Your assignment ▸
Return the data below exactly, but only from the line containing "add(extrude_2.rotate(pattern_circular_3_axis, i *" through the line containing "# 圆角2 of 阵列(圆周)3", with both of those lines included.

┄┄┄┄┄┄┄┄┄┄

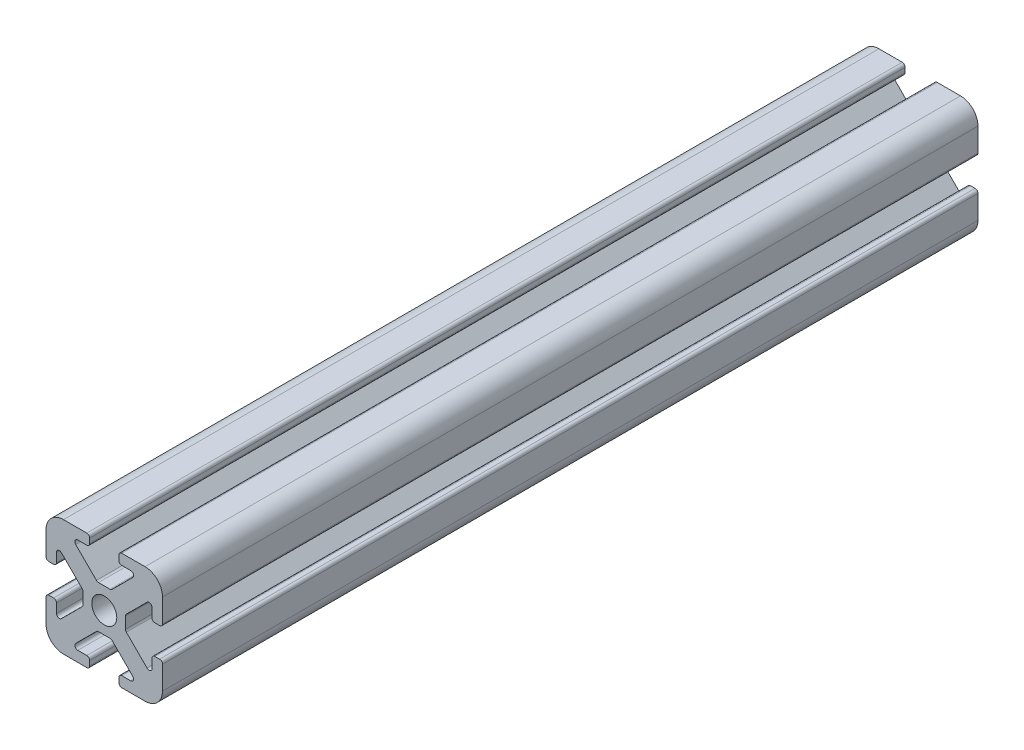
from build123d import *

# Parameters (mm, degrees)
SKETCH_1_W                       = 7.3
SKETCH_1_H                       = 7.3
SKETCH_1_R                       = 2.15
EXTRUDE_1_DEPTH                  = 140
EXTRUDE_2_DEPTH                  = 140
FILLET_1_R                       = 3
FILLET_2_R                       = 0.5
PATTERN_CIRCULAR_3_COUNT         = 4
FILLET_1_OF_PATTERN_CIRCULAR_3_R = 3
FILLET_2_OF_PATTERN_CIRCULAR_3_R = 0.5
FILLET_3_R                       = 0.5


with BuildPart() as part:
    # 草图1 → 凸台-拉伸1 (new body)
    with BuildSketch(Plane.XY):
        Rectangle(SKETCH_1_W, SKETCH_1_H)
        Circle(SKETCH_1_R, mode=Mode.SUBTRACT)
    extrude(amount=EXTRUDE_1_DEPTH)

    # 草图2 → 凸台-拉伸2 (add)
    with BuildSketch(Plane.XY):
        Polygon((2.5, 10), (2.5, 8.2), (5.75, 8.2), (1.2, 3.65), (3.65, 3.65), (3.65, 1.2), (8.2, 5.75), (8.2, 2.5), (10, 2.5), (10, 10), align=None)
    extrude_2 = extrude(amount=EXTRUDE_2_DEPTH)

    # 圆角1
    fillet_1_edges = [part.edges().sort_by_distance(p)[0] for p in [
        (10, 10, 70),
    ]]
    fillet(fillet_1_edges, radius=FILLET_1_R)

    # 圆角2
    fillet_2_edges = [part.edges().sort_by_distance(p)[0] for p in [
        (2.5, 10, 70),
        (2.5, 8.2, 70),
        (5.75, 8.2, 70),
        (8.2, 5.75, 70),
        (8.2, 2.5, 70),
        (10, 2.5, 70),
    ]]
    fillet(fillet_2_edges, radius=FILLET_2_R)

    # 阵列(圆周)3: 凸台-拉伸2 ×4 about axis
    pattern_circular_3_axis = Axis((0, 0, 0), (0, 0, 1))
    for i in range(1, PATTERN_CIRCULAR_3_COUNT):
        add(extrude_2.rotate(pattern_circular_3_axis, i * 360 / PATTERN_CIRCULAR_3_COUNT))

    # 圆角1 of 阵列(圆周)3
    fillet_1_of_pattern_circular_3_edges = [part.edges().sort_by_distance(p)[0] for p in [
        (-10, 10, 70),
        (-10, -10, 70),
        (10, -10, 70),
    ]]
    fillet(fillet_1_of_pattern_circular_3_edges, radius=FILLET_1_OF_PATTERN_CIRCULAR_3_R)

    # 圆角2 of 阵列(圆周)3
    fillet_2_of_pattern_circular_3_edges = [part.edges().sort_by_distance(p)[0] for p in [
        (-10, 2.5, 70),
        (-8.2, 2.5, 70),
        (-8.2, 5.75, 70),
        (-5.75, 8.2, 70),
        (-2.5, 8.2, 70),
        (-2.5, 10, 70),
        (-2.5, -10, 70),
        (-2.5, -8.2, 70),
        (-5.75, -8.2, 70),
        (-8.2, -5.75, 70),
        (-8.2, -2.5, 70),
        (-10, -2.5, 70),
        (10, -2.5, 70),
        (8.2, -2.5, 70),
        (8.2, -5.75, 70),
        (5.75, -8.2, 70),
        (2.5, -8.2, 70),
        (2.5, -10, 70),
    ]]
    fillet(fillet_2_of_pattern_circular_3_edges, radius=FILLET_2_OF_PATTERN_CIRCULAR_3_R)

    # 圆角3
    fillet_3_edges = [part.edges().sort_by_distance(p)[0] for p in [
        (-1.2, -3.65, 70),
        (-3.65, -1.2, 70),
        (-3.65, 1.2, 70),
        (-1.2, 3.65, 70),
        (1.2, 3.65, 70),
        (3.65, 1.2, 70),
        (3.65, -1.2, 70),
        (1.2, -3.65, 70),
    ]]
    fillet(fillet_3_edges, radius=FILLET_3_R)


solid = part.part

┄┄┄┄┄┄┄┄┄┄

Expected answer ▸
        add(extrude_2.rotate(pattern_circular_3_axis, i * 360 / PATTERN_CIRCULAR_3_COUNT))

    # 圆角1 of 阵列(圆周)3
    fillet_1_of_pattern_circular_3_edges = [part.edges().sort_by_distance(p)[0] for p in [
        (-10, 10, 70),
        (-10, -10, 70),
        (10, -10, 70),
    ]]
    fillet(fillet_1_of_pattern_circular_3_edges, radius=FILLET_1_OF_PATTERN_CIRCULAR_3_R)

    # 圆角2 of 阵列(圆周)3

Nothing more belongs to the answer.